### WHAT YOU ARE ASKED TO DO
Scan the listing below for "diameter", then report every line that has it.
*** INPUT DATA Section Begins ***
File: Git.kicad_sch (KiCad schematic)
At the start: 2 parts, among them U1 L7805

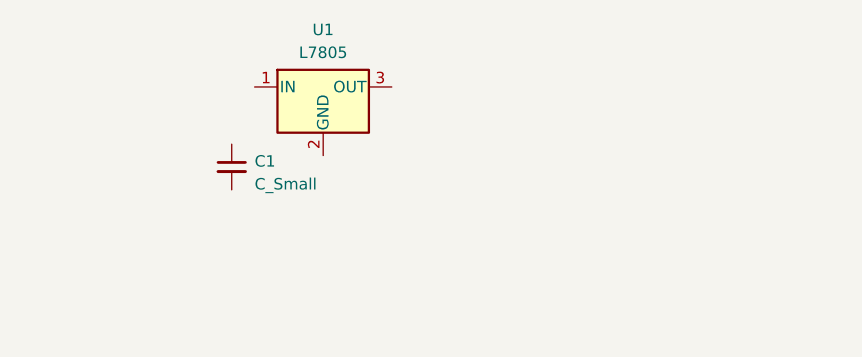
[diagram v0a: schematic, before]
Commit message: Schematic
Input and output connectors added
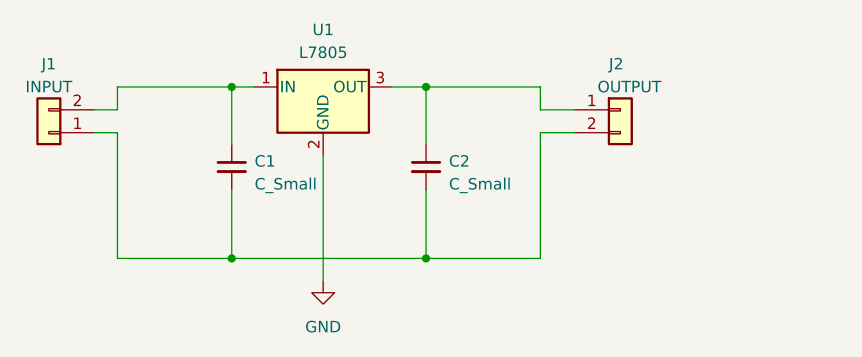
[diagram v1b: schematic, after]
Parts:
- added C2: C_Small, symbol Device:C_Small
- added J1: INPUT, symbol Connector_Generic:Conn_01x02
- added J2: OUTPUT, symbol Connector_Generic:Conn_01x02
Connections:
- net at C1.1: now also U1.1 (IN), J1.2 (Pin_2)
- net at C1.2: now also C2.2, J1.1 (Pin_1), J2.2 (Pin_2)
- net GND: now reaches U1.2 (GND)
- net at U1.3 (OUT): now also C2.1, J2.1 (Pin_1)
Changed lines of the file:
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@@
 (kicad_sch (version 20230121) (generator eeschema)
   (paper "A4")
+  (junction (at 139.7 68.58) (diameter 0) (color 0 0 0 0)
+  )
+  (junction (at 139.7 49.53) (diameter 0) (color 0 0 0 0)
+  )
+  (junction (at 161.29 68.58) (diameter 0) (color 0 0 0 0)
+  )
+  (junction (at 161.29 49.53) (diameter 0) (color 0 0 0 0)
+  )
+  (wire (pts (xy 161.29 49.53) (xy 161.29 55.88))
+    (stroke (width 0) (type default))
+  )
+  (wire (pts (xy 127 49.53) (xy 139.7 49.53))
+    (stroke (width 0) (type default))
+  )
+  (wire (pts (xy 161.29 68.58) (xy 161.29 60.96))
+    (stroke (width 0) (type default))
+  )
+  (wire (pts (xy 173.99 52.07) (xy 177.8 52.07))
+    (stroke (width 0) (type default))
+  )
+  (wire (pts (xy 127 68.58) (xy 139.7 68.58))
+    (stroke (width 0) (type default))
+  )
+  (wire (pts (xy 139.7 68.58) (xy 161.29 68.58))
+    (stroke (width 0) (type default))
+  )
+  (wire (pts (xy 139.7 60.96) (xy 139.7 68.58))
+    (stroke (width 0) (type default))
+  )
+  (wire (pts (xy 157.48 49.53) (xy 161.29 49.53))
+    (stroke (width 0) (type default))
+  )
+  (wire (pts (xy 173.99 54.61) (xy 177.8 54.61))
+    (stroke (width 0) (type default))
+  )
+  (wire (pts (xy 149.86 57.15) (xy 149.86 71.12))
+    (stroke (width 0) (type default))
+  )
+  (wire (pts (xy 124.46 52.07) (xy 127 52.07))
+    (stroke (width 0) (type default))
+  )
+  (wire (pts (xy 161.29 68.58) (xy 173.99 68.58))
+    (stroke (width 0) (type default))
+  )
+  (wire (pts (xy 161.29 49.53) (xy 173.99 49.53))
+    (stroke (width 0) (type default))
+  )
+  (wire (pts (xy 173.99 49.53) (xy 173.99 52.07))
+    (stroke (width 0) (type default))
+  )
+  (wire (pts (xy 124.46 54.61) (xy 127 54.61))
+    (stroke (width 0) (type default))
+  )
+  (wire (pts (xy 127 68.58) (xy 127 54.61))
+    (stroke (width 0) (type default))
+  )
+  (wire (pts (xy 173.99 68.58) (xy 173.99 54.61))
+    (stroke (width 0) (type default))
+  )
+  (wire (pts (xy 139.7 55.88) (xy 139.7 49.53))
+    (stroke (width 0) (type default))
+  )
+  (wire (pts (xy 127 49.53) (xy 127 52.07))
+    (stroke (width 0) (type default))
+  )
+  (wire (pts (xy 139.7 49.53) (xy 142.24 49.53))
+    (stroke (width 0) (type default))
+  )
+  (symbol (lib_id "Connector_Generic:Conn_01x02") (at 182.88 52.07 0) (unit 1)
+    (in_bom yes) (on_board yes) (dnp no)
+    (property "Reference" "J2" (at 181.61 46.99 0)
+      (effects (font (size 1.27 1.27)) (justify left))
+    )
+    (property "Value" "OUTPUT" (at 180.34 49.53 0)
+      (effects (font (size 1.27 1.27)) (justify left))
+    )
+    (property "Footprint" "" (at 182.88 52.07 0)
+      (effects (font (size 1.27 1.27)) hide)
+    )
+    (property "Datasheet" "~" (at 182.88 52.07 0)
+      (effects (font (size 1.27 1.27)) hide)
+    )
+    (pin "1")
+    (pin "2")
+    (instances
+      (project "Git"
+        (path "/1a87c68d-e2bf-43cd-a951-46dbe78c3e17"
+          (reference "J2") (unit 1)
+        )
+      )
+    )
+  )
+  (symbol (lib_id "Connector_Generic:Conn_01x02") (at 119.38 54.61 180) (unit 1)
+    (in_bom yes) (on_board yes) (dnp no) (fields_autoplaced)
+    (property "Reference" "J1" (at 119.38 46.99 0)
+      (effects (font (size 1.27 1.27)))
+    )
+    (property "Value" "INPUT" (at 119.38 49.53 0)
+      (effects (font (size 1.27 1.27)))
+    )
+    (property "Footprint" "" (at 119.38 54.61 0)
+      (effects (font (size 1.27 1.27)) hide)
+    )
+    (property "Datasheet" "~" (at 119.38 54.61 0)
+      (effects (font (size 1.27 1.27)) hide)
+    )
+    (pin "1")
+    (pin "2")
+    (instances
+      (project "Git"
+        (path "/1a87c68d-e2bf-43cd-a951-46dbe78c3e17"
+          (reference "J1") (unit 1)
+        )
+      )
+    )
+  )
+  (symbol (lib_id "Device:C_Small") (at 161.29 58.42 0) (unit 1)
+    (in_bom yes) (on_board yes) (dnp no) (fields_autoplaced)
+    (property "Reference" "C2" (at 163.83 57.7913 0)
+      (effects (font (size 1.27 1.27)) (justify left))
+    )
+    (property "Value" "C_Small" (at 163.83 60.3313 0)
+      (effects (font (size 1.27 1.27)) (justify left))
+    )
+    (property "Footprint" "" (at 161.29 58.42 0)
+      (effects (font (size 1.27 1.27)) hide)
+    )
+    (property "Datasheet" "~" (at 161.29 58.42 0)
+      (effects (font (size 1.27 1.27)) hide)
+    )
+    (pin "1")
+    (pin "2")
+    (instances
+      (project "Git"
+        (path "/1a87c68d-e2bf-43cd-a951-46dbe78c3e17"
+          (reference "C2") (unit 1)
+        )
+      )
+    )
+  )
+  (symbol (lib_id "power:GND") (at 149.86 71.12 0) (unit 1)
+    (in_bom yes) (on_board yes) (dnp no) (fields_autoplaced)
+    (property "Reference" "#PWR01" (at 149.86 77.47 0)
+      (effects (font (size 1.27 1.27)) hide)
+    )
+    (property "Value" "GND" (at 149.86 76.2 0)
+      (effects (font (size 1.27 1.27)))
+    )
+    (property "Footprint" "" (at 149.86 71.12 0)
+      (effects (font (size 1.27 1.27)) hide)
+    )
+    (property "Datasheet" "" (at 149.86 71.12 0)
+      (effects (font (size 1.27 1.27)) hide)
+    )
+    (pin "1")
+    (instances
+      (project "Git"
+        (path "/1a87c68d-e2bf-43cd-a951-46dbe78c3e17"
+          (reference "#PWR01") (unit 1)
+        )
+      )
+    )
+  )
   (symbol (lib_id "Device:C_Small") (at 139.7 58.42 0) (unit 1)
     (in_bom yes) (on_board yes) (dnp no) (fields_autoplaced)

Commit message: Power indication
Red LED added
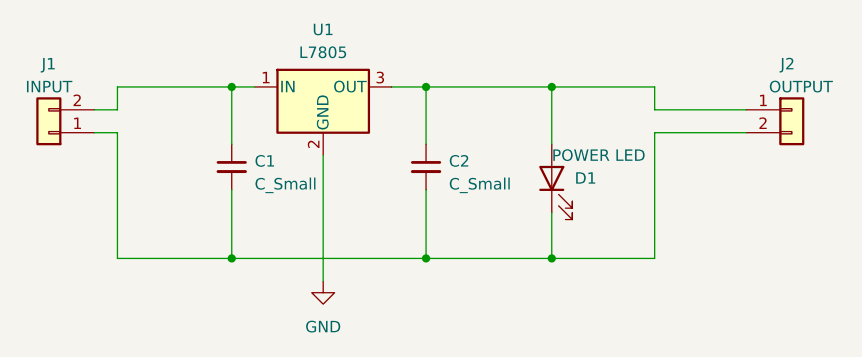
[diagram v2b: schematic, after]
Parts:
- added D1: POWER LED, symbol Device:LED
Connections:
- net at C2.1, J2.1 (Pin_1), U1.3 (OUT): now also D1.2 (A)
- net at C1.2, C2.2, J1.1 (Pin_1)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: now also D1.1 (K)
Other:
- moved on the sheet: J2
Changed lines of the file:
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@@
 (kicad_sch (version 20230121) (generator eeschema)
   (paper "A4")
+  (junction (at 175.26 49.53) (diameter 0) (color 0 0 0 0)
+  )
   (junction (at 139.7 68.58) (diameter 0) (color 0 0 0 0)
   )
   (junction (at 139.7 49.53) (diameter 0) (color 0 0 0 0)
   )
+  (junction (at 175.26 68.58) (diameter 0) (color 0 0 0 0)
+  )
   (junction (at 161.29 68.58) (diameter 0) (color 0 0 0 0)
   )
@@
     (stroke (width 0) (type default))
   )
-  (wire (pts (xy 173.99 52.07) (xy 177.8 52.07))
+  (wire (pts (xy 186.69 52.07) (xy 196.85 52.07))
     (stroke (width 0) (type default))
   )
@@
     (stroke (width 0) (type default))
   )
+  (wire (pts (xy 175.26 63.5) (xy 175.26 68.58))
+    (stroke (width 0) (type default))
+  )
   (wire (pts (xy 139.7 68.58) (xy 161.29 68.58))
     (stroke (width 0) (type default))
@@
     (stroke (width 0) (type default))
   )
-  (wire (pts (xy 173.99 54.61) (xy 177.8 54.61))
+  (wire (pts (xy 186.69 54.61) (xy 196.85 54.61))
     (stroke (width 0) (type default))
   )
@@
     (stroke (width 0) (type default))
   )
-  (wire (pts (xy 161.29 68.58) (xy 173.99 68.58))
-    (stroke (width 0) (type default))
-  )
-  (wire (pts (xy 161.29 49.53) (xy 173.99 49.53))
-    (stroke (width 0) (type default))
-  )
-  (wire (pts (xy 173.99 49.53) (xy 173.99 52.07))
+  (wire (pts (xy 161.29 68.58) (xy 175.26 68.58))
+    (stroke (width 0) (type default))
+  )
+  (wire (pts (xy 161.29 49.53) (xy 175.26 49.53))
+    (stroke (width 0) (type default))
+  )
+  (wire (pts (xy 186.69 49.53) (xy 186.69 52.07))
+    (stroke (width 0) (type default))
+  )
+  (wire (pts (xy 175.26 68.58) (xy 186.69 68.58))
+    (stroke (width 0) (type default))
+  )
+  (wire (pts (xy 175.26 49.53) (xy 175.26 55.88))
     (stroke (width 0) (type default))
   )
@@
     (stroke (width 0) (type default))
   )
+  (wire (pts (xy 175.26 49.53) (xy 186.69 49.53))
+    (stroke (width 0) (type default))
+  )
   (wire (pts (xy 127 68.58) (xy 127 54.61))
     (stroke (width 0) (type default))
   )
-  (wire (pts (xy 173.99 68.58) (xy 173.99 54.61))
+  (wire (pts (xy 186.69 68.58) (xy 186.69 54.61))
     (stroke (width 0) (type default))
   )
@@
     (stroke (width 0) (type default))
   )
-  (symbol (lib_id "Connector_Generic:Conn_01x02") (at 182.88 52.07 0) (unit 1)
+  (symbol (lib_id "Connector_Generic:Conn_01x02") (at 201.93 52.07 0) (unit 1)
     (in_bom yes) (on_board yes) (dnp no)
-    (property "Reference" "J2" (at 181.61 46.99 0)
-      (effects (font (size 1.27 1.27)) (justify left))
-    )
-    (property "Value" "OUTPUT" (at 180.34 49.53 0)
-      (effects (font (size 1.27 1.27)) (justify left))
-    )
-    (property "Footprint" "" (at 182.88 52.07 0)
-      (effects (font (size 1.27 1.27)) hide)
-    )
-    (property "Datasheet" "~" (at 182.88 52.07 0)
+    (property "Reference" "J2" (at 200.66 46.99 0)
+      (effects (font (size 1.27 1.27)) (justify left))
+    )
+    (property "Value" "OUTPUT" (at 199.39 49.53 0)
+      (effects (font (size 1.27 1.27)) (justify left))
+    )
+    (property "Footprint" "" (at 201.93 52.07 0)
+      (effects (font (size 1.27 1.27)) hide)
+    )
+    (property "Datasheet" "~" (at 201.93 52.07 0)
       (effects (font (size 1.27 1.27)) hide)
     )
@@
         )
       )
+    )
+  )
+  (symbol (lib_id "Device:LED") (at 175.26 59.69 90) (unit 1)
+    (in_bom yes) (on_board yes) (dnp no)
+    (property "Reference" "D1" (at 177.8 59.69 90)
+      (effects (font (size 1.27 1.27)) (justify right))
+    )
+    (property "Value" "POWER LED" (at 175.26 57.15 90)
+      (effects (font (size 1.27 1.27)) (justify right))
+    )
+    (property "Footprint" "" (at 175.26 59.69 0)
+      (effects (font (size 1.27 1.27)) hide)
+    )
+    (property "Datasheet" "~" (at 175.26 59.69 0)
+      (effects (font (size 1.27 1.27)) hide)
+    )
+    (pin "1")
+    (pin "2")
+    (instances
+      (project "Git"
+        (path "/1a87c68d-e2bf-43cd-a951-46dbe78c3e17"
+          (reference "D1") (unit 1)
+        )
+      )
*** INPUT DATA Section Ends ***
### RESPONSE
+  (junction (at 139.7 68.58) (diameter 0) (color 0 0 0 0)
+  (junction (at 139.7 49.53) (diameter 0) (color 0 0 0 0)
+  (junction (at 161.29 68.58) (diameter 0) (color 0 0 0 0)
+  (junction (at 161.29 49.53) (diameter 0) (color 0 0 0 0)
+  (junction (at 175.26 49.53) (diameter 0) (color 0 0 0 0)
   (junction (at 139.7 68.58) (diameter 0) (color 0 0 0 0)
   (junction (at 139.7 49.53) (diameter 0) (color 0 0 0 0)
+  (junction (at 175.26 68.58) (diameter 0) (color 0 0 0 0)
   (junction (at 161.29 68.58) (diameter 0) (color 0 0 0 0)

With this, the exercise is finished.